START Exercise data
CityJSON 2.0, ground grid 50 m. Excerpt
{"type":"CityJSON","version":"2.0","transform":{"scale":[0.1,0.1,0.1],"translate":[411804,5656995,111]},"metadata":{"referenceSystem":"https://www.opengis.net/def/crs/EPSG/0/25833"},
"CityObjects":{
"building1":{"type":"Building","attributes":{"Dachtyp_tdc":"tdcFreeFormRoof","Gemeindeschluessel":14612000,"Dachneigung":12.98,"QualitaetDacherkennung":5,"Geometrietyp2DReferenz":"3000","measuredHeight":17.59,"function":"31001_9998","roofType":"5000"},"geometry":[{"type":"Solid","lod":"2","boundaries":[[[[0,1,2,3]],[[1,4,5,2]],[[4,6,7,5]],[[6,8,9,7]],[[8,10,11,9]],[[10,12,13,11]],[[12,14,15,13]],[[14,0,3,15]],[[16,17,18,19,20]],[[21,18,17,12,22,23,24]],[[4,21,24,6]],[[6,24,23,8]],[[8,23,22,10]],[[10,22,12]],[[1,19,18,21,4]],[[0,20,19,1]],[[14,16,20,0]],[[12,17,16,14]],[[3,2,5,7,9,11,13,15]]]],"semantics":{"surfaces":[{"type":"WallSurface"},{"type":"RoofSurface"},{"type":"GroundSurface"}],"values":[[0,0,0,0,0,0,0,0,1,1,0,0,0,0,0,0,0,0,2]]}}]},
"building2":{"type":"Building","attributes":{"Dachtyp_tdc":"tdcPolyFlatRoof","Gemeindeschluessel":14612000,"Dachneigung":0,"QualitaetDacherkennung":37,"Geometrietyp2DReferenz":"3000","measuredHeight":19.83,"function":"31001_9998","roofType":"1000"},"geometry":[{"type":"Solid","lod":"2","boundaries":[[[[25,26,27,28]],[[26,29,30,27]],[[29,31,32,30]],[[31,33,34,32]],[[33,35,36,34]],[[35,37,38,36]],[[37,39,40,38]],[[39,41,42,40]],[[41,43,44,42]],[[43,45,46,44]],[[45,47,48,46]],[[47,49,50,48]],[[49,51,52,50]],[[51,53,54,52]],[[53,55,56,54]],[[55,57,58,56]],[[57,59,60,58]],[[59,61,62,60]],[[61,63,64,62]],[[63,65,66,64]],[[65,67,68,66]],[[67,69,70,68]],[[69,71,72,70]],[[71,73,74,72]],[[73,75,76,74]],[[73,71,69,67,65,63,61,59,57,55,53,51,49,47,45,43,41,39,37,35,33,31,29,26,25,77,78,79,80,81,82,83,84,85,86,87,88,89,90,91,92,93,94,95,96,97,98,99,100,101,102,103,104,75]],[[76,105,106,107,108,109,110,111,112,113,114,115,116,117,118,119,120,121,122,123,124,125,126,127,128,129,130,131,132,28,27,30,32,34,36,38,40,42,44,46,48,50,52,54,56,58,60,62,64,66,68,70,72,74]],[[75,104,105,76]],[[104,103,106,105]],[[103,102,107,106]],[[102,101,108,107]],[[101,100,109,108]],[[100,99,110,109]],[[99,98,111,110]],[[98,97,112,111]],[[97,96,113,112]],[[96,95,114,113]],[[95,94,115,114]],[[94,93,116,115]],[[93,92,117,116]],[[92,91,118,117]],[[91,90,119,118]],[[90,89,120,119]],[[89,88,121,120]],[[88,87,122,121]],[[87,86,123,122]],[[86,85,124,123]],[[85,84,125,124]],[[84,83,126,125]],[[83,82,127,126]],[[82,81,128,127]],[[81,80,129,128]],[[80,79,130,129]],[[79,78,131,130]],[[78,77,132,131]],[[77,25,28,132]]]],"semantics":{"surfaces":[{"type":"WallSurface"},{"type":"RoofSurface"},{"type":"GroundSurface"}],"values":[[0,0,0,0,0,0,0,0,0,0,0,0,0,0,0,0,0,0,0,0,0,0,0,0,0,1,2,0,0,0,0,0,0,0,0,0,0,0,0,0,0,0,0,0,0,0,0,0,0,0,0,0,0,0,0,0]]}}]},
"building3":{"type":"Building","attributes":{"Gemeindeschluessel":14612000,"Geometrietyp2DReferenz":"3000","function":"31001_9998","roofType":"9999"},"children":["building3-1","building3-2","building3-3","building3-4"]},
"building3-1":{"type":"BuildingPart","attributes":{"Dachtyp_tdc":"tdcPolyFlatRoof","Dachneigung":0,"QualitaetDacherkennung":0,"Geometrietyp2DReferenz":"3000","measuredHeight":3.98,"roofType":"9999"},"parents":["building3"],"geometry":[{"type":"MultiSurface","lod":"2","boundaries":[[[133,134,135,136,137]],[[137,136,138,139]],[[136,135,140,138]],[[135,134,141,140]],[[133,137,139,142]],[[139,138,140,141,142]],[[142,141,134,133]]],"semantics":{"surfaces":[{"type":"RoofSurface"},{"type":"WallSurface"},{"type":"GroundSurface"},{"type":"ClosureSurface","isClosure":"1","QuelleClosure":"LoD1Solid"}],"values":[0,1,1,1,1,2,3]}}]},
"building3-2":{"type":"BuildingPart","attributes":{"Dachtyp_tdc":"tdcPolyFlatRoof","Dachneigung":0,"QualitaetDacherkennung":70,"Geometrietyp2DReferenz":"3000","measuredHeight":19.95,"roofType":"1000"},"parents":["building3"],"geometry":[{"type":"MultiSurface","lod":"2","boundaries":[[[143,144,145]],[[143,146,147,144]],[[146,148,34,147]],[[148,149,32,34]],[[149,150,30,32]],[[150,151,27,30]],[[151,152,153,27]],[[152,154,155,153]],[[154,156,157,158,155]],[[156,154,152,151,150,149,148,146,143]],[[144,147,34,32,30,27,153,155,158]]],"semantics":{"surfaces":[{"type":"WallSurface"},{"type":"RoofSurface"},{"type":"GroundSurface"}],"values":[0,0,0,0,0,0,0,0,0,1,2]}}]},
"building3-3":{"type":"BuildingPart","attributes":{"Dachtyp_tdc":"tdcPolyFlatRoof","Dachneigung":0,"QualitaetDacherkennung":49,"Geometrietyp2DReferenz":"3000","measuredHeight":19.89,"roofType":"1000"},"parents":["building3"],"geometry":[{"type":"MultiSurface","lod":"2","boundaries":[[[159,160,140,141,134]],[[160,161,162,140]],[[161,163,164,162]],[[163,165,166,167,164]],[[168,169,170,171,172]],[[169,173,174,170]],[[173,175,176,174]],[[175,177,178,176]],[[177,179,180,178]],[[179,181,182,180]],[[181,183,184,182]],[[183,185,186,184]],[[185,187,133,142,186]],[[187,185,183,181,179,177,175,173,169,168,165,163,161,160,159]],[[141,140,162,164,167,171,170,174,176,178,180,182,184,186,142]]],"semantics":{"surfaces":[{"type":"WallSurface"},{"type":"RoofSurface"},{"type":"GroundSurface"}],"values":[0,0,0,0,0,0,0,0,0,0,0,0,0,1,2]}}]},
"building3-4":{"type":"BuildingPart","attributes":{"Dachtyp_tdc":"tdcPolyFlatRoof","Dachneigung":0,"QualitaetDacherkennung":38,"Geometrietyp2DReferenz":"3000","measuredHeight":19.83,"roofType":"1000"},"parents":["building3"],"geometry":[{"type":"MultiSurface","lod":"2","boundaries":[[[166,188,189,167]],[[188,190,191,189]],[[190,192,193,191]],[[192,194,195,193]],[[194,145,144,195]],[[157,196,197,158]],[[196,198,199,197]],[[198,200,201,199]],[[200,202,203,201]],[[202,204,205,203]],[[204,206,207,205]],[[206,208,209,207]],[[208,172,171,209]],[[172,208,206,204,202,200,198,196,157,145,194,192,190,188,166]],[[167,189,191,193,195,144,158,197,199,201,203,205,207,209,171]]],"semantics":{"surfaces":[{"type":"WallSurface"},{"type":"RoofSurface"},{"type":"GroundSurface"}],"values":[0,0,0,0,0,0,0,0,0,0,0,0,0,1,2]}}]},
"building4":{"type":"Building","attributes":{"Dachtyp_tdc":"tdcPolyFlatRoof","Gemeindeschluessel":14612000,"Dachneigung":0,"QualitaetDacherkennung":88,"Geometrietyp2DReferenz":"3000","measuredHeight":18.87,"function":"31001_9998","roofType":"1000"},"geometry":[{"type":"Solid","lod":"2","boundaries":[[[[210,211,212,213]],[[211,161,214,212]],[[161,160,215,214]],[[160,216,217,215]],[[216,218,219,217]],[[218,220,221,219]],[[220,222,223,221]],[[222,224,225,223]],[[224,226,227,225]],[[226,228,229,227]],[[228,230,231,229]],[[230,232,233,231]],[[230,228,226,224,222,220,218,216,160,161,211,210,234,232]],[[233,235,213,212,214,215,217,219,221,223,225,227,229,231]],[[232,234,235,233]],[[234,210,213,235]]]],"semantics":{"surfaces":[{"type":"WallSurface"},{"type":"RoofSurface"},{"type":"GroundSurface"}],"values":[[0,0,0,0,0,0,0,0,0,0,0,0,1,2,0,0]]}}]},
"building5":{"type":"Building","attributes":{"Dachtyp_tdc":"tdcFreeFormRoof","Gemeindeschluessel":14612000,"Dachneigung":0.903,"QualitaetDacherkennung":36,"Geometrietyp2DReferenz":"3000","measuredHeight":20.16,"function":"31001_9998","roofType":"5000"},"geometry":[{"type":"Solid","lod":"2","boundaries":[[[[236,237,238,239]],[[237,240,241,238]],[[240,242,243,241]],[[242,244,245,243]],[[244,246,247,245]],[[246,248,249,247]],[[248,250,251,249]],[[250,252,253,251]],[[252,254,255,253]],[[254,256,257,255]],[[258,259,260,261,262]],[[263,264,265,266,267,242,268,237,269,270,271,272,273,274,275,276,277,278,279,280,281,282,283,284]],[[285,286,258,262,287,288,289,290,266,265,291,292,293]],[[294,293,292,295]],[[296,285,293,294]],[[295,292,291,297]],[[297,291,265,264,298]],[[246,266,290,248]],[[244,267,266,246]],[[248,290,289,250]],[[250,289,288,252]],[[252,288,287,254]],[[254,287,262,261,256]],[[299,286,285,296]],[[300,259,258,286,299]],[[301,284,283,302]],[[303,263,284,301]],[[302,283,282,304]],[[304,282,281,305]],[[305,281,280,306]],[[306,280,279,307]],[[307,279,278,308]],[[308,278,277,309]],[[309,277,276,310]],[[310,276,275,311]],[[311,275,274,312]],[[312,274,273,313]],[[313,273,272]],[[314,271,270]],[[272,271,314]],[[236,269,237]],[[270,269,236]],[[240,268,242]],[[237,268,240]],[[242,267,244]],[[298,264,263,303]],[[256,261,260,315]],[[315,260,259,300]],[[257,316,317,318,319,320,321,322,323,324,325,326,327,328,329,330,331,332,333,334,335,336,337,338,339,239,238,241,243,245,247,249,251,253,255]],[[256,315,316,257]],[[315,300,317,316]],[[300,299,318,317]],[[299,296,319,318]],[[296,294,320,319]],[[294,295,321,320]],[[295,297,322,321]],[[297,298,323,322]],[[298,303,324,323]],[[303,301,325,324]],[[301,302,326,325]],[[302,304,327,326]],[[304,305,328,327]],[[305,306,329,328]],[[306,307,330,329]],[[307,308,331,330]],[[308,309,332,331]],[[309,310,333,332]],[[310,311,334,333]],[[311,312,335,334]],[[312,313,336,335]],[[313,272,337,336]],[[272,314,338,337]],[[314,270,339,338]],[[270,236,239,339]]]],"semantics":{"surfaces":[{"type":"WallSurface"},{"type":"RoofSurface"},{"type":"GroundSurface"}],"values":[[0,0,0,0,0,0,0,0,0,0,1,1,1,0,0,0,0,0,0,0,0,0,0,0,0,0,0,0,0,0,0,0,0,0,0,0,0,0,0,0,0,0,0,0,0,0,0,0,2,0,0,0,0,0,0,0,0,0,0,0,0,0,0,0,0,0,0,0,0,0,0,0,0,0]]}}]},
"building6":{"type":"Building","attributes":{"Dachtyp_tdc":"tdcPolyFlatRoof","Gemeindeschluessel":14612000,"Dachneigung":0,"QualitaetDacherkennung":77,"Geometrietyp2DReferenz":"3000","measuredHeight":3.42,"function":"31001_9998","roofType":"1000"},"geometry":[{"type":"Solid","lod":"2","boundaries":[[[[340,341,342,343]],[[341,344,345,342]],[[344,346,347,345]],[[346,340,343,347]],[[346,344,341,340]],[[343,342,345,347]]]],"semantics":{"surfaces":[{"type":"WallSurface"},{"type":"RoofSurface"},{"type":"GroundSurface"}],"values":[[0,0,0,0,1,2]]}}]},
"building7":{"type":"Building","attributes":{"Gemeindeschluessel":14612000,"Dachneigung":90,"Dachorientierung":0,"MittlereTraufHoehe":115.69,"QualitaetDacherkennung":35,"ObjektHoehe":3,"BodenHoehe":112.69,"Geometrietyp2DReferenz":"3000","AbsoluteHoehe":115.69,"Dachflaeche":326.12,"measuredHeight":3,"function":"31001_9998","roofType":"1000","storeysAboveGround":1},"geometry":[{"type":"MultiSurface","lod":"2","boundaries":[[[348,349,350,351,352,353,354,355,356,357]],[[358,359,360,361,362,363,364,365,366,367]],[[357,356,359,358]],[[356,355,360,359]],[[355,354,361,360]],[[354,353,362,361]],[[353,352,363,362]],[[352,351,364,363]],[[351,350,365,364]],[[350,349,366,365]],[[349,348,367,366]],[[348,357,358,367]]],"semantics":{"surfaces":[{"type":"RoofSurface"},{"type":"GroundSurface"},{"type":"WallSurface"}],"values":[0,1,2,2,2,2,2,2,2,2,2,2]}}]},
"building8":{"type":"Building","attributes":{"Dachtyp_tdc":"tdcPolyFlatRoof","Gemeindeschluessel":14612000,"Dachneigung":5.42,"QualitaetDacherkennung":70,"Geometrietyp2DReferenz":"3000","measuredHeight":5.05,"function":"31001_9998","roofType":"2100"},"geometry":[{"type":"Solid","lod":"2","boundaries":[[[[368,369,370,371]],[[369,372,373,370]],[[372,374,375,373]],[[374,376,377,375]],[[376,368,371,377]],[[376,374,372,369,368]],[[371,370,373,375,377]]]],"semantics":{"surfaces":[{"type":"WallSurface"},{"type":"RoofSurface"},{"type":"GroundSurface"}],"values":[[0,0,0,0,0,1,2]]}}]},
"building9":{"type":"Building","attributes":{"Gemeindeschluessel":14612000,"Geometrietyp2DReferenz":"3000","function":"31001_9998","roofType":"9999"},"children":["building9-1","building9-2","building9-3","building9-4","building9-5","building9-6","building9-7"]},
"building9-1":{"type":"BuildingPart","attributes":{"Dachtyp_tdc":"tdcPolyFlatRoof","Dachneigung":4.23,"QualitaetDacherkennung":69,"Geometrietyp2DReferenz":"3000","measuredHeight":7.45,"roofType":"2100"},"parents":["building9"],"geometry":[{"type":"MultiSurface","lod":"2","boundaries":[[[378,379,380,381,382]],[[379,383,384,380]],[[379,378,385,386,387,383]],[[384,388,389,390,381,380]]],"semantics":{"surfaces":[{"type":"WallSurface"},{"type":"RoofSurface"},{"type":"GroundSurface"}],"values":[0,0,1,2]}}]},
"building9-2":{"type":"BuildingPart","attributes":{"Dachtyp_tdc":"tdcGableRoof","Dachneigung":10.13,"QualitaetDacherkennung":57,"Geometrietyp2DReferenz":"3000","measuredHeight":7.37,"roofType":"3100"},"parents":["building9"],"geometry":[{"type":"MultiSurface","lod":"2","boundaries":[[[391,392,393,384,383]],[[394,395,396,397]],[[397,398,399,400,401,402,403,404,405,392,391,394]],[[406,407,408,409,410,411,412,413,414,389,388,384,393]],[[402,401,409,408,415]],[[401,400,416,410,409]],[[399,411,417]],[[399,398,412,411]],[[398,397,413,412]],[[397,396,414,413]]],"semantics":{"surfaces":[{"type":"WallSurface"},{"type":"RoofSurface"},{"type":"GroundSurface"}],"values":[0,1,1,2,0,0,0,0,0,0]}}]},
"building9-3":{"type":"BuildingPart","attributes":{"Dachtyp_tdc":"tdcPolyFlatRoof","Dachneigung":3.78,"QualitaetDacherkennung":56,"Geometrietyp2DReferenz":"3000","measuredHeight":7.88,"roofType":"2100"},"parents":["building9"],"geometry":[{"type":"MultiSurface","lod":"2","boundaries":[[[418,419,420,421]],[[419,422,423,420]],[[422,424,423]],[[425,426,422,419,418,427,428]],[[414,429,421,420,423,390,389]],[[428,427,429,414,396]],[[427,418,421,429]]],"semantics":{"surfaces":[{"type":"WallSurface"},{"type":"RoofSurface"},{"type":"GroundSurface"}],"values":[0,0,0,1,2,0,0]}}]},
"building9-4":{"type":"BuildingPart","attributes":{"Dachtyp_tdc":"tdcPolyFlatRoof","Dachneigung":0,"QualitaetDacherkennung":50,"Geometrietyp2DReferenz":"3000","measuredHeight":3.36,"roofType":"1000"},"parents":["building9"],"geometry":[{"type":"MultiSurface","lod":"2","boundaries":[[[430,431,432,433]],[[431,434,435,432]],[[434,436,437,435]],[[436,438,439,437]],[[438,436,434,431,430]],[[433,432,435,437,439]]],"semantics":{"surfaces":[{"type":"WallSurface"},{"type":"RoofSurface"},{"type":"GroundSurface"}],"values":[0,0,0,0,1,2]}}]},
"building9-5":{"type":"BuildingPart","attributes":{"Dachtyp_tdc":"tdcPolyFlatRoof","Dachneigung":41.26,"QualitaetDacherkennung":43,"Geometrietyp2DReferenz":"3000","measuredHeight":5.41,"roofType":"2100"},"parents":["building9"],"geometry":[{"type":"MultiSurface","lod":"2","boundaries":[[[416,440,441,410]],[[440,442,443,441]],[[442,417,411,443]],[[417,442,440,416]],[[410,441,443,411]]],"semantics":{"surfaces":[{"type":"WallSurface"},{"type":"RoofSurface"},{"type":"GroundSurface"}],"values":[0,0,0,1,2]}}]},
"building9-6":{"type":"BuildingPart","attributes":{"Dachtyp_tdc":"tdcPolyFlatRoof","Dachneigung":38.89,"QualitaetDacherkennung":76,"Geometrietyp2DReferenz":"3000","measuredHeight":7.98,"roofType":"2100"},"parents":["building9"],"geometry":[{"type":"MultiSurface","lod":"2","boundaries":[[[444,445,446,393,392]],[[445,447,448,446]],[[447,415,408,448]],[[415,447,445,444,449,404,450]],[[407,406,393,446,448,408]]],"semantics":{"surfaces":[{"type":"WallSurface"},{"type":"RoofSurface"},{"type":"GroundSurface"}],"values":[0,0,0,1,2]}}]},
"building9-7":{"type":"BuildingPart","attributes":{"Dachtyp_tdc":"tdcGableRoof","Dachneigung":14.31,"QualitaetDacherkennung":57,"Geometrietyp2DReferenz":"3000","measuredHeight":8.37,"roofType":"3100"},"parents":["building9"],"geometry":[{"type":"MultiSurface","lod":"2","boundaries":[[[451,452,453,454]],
END Exercise data
__Work request__
Pull together all lines from the data that mention the word "CityJSON".

__Written solution__
CityJSON 2.0, ground grid 50 m. Excerpt
{"type":"CityJSON","version":"2.0","transform":{"scale":[0.1,0.1,0.1],"translate":[411804,5656995,111]},"metadata":{"referenceSystem":"https://www.opengis.net/def/crs/EPSG/0/25833"},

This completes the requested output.